#### [GIVEN DATA]

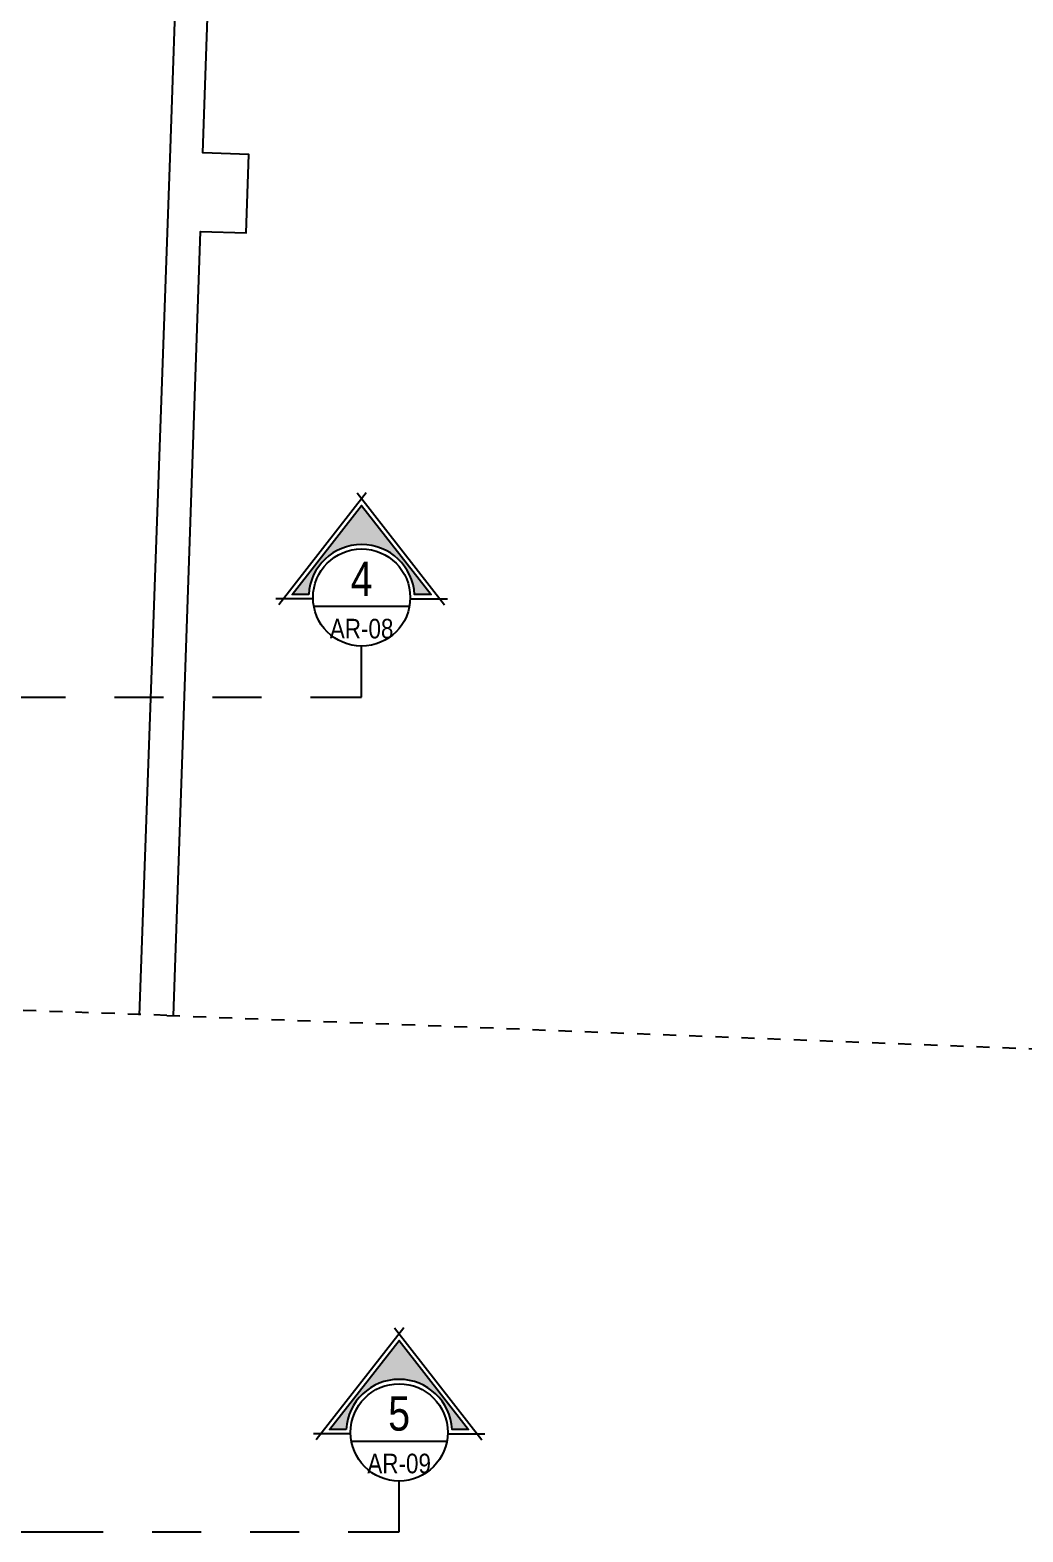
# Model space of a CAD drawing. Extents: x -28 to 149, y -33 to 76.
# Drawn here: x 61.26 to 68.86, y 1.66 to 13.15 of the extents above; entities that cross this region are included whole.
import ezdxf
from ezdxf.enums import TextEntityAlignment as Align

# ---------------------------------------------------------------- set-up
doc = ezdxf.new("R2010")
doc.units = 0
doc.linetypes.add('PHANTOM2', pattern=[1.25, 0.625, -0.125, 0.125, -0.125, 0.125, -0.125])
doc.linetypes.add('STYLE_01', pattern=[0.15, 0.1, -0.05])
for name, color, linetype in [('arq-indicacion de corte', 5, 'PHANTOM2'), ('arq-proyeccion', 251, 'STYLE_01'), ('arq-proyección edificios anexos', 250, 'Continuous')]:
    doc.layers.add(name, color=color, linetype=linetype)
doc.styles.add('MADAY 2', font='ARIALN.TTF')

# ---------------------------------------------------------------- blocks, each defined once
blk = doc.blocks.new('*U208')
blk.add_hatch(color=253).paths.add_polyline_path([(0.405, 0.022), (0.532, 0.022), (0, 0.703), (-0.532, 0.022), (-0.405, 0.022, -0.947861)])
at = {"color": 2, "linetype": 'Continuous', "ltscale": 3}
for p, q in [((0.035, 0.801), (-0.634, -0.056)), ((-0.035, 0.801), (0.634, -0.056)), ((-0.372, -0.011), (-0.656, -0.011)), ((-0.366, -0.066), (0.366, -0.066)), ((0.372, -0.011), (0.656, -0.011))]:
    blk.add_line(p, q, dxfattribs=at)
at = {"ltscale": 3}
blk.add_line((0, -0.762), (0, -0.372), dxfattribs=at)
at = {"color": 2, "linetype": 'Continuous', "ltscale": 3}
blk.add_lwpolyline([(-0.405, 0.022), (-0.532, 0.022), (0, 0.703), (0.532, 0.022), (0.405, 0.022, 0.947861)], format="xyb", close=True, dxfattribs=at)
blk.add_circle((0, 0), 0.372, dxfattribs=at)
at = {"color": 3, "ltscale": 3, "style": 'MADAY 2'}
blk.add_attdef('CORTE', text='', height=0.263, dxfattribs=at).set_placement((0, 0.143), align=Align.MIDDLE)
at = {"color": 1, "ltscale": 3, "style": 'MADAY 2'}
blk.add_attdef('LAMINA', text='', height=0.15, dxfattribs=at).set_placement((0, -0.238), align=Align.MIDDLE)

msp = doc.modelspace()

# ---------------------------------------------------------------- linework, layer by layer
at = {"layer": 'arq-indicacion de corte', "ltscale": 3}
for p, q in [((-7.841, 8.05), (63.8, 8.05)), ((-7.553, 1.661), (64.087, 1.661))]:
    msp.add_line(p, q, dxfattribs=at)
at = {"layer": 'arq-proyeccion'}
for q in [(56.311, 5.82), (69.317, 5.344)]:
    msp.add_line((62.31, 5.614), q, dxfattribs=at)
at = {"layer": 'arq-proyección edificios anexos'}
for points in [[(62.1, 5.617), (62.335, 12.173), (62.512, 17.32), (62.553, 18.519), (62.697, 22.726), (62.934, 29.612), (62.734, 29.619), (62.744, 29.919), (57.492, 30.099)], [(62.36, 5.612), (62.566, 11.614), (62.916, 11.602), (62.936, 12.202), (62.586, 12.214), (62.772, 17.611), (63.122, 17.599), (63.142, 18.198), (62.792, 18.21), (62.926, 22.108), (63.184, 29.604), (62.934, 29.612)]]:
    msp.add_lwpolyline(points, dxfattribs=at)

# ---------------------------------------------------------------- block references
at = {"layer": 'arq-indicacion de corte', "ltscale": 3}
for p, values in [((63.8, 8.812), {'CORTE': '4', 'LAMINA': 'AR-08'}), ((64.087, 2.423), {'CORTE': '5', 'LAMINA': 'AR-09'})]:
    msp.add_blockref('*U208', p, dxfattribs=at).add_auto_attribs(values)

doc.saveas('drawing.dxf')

#### [HOW TO COMPLETE THIS TASK]
Return, from the material above, each line holding the string "Align".

#### [TASK RESPONSE]
from ezdxf.enums import TextEntityAlignment as Align
blk.add_attdef('CORTE', text='', height=0.263, dxfattribs=at).set_placement((0, 0.143), align=Align.MIDDLE)
blk.add_attdef('LAMINA', text='', height=0.15, dxfattribs=at).set_placement((0, -0.238), align=Align.MIDDLE)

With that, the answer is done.